• [WHAT THE TASK REQUIRES] Nothing but the lines from the line with "#264=LINE('',#263,#262);" to the end of the records below should appear in the answer, each exactly as given.

Dataset excerpts
+ + + + + + +

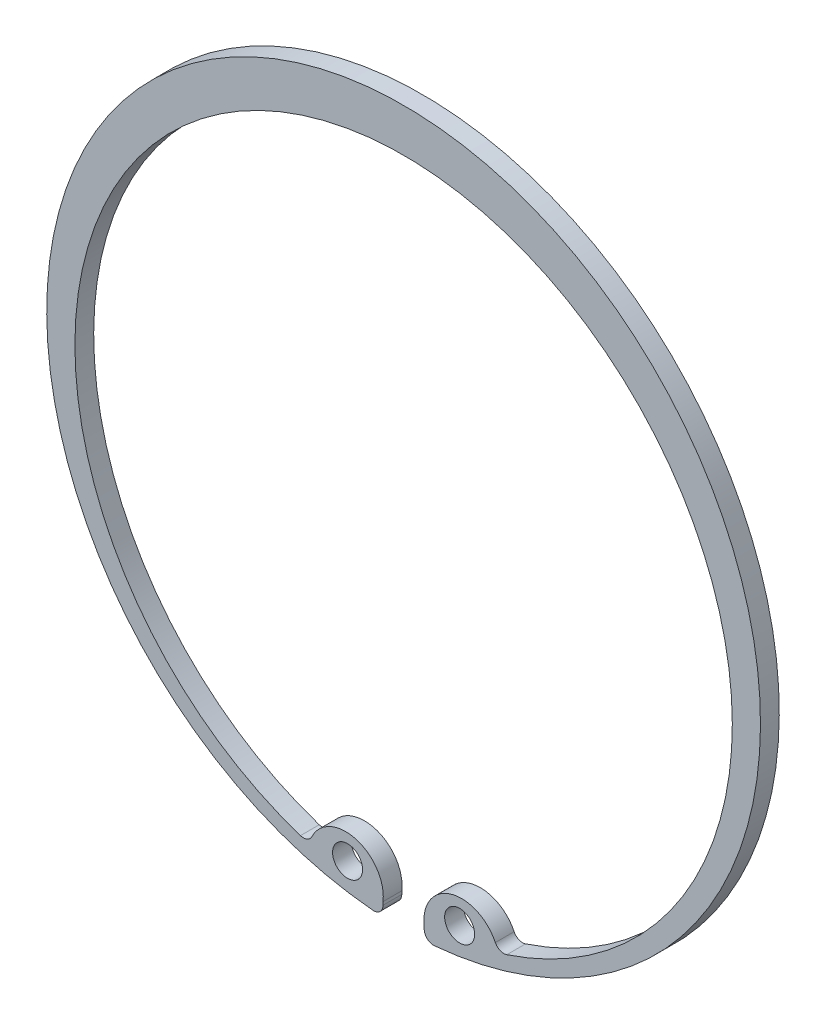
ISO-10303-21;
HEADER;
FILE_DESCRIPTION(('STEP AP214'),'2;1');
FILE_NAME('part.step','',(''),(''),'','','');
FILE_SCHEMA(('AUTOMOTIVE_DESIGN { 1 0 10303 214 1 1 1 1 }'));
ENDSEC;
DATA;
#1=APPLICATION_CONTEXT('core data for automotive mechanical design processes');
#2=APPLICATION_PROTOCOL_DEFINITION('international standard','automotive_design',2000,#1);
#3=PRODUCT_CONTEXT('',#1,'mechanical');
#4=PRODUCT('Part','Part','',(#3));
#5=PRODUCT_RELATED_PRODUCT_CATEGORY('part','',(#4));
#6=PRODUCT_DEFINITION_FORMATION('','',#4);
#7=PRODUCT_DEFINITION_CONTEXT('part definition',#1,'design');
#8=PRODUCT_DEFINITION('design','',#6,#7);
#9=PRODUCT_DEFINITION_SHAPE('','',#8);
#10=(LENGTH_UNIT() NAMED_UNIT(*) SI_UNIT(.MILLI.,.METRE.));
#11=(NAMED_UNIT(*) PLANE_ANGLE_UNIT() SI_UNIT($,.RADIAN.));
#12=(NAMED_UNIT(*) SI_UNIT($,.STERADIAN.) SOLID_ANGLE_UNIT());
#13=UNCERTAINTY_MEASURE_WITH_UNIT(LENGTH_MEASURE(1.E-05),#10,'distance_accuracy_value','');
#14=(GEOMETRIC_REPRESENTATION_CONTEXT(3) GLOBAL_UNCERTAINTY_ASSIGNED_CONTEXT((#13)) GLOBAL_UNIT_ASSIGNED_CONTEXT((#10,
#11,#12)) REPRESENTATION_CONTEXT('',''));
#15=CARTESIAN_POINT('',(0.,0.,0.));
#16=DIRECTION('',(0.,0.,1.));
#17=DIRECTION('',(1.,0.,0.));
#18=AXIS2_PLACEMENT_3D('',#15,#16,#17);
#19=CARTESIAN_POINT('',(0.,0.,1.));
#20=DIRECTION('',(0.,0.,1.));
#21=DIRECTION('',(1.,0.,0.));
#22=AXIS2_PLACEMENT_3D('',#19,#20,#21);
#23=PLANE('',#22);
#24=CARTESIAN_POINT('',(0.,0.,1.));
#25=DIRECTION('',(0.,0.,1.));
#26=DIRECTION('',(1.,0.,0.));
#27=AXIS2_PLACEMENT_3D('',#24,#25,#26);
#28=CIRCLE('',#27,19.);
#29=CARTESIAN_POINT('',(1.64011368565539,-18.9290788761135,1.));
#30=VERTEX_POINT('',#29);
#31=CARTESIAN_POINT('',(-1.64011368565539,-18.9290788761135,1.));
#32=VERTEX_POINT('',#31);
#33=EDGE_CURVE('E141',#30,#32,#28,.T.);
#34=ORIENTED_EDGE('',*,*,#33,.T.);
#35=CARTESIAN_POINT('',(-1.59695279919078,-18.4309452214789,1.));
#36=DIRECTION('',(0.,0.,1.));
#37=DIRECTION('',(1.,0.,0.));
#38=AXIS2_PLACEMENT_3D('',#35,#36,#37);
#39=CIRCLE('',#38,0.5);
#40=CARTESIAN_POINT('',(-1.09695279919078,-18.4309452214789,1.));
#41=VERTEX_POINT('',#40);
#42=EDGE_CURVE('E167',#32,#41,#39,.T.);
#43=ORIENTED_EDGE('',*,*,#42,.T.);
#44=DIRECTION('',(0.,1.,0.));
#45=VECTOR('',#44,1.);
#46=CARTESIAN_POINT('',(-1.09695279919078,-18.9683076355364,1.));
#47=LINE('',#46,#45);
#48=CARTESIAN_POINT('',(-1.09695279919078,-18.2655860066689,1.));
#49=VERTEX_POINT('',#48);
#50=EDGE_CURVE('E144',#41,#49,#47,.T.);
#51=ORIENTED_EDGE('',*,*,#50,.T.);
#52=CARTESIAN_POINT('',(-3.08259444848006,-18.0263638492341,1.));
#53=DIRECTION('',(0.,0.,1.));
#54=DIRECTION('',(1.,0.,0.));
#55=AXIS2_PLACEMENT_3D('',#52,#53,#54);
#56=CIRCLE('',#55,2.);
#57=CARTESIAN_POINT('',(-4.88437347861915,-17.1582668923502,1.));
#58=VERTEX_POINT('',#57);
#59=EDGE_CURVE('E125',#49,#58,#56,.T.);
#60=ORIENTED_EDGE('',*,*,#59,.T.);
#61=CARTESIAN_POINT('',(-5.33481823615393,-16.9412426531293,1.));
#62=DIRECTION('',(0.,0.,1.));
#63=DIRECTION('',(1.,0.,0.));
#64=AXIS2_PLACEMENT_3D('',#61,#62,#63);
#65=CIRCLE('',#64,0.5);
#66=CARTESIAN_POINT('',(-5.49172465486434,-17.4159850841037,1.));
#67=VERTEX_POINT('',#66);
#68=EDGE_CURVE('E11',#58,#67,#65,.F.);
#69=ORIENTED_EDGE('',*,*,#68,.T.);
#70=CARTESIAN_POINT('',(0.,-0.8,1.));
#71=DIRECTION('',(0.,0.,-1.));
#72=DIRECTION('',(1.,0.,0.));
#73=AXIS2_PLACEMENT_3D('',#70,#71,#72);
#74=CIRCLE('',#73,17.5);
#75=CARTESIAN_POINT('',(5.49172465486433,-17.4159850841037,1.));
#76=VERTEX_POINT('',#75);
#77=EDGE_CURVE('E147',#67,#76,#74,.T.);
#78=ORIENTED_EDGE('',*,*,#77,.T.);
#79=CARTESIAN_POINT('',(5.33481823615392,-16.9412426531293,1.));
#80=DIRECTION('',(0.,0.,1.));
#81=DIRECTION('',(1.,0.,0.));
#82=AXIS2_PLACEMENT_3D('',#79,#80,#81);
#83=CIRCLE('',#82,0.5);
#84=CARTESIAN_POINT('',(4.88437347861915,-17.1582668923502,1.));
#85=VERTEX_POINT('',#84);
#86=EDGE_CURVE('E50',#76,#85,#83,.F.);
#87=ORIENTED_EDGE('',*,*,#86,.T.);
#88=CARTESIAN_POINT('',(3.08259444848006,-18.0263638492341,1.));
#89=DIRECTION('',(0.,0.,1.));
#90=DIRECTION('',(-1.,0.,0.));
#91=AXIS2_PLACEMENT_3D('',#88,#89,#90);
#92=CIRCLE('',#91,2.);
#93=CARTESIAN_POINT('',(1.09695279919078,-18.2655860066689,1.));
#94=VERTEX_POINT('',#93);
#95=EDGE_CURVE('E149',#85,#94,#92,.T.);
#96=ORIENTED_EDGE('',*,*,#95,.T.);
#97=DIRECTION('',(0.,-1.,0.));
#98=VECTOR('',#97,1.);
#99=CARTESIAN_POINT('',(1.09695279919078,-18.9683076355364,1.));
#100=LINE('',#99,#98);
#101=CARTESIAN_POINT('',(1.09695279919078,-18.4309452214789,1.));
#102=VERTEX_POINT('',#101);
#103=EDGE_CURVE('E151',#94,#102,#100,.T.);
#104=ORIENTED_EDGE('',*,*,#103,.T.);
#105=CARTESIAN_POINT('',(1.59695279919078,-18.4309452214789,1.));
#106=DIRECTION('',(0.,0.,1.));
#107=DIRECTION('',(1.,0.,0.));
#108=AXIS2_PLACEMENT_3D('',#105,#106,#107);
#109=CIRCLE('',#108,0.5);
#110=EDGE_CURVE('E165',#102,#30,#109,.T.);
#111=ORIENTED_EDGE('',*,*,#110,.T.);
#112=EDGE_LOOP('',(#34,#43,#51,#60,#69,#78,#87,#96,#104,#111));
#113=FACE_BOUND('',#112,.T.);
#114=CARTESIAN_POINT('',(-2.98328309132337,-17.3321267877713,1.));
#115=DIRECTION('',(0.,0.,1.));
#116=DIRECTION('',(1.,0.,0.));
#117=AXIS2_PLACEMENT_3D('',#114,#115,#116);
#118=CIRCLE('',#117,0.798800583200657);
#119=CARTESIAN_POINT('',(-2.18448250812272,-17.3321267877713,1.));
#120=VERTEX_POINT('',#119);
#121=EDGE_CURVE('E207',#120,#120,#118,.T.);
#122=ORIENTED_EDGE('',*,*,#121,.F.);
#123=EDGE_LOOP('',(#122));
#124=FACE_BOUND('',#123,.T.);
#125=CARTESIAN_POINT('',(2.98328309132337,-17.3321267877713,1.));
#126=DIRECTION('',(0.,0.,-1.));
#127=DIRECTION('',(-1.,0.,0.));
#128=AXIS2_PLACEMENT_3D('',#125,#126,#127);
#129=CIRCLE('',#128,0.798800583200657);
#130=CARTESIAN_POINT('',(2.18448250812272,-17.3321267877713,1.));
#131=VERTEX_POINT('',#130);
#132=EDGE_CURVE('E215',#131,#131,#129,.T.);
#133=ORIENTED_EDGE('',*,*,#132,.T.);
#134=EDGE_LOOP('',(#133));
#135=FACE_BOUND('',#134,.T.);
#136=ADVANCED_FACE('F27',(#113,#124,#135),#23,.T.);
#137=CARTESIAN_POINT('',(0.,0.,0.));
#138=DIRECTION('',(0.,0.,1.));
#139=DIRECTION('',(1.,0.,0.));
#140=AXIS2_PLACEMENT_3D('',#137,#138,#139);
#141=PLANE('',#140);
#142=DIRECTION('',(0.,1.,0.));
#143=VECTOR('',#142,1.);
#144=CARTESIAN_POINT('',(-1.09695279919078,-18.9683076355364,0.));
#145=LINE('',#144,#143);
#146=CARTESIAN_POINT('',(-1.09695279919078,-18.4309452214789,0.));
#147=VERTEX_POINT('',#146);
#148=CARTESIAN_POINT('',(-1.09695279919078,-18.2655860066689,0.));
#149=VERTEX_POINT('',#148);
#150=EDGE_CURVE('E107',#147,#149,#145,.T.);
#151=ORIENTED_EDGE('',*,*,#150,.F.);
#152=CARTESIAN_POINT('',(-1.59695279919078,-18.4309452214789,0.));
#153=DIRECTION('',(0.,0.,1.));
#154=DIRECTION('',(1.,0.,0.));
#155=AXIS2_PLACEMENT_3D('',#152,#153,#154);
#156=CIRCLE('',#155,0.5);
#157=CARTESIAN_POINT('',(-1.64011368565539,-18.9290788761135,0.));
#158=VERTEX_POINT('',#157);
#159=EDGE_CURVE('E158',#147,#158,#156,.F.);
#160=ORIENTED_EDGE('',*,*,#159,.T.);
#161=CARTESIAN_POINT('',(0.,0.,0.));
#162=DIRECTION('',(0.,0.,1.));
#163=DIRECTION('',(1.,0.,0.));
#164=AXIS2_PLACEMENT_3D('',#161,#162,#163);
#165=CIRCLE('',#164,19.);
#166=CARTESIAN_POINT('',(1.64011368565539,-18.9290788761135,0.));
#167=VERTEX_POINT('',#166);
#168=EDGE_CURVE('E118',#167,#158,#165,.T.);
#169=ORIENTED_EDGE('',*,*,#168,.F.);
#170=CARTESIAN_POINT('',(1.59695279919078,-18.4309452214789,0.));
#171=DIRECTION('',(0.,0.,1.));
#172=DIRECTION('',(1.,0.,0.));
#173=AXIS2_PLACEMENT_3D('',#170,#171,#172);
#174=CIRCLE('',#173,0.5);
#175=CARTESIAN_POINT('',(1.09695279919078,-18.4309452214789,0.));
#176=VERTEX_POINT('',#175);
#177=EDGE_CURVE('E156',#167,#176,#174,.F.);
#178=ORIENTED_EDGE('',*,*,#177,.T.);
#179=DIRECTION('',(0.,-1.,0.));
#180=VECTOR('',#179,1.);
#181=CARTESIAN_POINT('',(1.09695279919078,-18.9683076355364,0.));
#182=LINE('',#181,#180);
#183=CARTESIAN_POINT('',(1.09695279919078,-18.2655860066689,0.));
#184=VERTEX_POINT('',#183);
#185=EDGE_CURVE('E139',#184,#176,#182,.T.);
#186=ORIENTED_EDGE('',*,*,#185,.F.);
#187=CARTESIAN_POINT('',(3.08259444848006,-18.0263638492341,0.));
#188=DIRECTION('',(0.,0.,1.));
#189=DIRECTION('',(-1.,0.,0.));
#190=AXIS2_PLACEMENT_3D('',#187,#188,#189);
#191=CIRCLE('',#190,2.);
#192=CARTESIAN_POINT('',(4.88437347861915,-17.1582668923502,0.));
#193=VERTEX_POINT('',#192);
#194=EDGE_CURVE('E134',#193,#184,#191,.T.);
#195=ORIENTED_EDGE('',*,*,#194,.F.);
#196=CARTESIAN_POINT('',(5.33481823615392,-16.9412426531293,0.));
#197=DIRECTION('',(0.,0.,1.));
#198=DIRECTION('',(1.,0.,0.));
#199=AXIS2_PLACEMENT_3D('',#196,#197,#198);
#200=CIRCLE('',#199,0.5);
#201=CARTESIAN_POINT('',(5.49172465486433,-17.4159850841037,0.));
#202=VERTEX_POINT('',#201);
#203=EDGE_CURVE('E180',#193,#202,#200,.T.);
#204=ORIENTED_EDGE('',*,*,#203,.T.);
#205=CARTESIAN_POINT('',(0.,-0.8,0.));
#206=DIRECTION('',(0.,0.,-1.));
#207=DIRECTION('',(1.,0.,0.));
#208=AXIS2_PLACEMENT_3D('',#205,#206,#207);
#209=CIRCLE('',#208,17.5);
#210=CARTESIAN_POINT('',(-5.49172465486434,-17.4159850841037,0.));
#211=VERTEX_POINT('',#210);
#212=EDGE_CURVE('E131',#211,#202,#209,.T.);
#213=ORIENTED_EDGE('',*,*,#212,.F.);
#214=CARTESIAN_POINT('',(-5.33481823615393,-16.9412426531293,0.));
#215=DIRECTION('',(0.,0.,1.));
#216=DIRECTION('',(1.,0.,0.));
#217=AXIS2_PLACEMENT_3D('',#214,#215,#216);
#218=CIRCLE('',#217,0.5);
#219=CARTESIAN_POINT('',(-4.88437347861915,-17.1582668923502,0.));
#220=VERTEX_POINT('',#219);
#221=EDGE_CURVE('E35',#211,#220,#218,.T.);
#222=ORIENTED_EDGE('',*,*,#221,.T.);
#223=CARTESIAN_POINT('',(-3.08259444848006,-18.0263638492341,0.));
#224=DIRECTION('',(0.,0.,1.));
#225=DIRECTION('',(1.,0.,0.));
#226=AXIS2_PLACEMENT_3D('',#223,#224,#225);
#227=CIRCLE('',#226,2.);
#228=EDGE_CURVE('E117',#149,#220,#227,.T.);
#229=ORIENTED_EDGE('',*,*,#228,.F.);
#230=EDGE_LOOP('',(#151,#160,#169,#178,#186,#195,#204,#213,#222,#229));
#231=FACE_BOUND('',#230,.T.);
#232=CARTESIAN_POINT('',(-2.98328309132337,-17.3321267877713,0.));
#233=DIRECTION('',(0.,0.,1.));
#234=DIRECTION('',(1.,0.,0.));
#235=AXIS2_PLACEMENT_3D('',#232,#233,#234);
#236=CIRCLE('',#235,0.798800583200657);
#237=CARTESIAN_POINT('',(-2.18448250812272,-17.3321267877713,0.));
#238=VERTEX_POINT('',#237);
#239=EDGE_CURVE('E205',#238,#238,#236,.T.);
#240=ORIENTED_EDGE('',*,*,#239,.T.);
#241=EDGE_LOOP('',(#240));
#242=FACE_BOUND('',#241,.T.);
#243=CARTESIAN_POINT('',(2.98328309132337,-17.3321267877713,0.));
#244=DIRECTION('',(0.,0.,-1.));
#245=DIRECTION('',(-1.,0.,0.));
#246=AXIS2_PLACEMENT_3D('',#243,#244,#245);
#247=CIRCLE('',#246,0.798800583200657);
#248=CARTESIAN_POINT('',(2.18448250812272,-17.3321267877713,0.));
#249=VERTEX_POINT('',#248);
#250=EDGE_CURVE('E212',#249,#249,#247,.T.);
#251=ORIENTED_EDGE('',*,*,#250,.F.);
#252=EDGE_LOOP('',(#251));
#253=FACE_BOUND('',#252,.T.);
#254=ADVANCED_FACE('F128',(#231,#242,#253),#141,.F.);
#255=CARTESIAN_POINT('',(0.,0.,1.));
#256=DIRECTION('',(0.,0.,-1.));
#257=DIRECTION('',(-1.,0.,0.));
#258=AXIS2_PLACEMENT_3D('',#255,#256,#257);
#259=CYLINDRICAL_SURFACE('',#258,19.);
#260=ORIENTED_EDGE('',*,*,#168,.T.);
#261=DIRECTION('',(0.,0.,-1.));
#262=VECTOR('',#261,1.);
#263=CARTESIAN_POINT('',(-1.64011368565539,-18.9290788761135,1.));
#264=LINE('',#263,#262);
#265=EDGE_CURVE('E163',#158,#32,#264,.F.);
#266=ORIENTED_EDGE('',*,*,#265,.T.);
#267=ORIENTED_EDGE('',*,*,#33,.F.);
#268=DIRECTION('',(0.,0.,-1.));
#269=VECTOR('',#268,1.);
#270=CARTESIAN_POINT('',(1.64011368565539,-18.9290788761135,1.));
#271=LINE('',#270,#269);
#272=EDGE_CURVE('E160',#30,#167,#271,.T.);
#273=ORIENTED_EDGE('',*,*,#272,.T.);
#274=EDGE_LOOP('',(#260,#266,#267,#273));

+ + + + + + +

• [EXERCISE OUTPUT]
#264=LINE('',#263,#262);
#265=EDGE_CURVE('E163',#158,#32,#264,.F.);
#266=ORIENTED_EDGE('',*,*,#265,.T.);
#267=ORIENTED_EDGE('',*,*,#33,.F.);
#268=DIRECTION('',(0.,0.,-1.));
#269=VECTOR('',#268,1.);
#270=CARTESIAN_POINT('',(1.64011368565539,-18.9290788761135,1.));
#271=LINE('',#270,#269);
#272=EDGE_CURVE('E160',#30,#167,#271,.T.);
#273=ORIENTED_EDGE('',*,*,#272,.T.);
#274=EDGE_LOOP('',(#260,#266,#267,#273));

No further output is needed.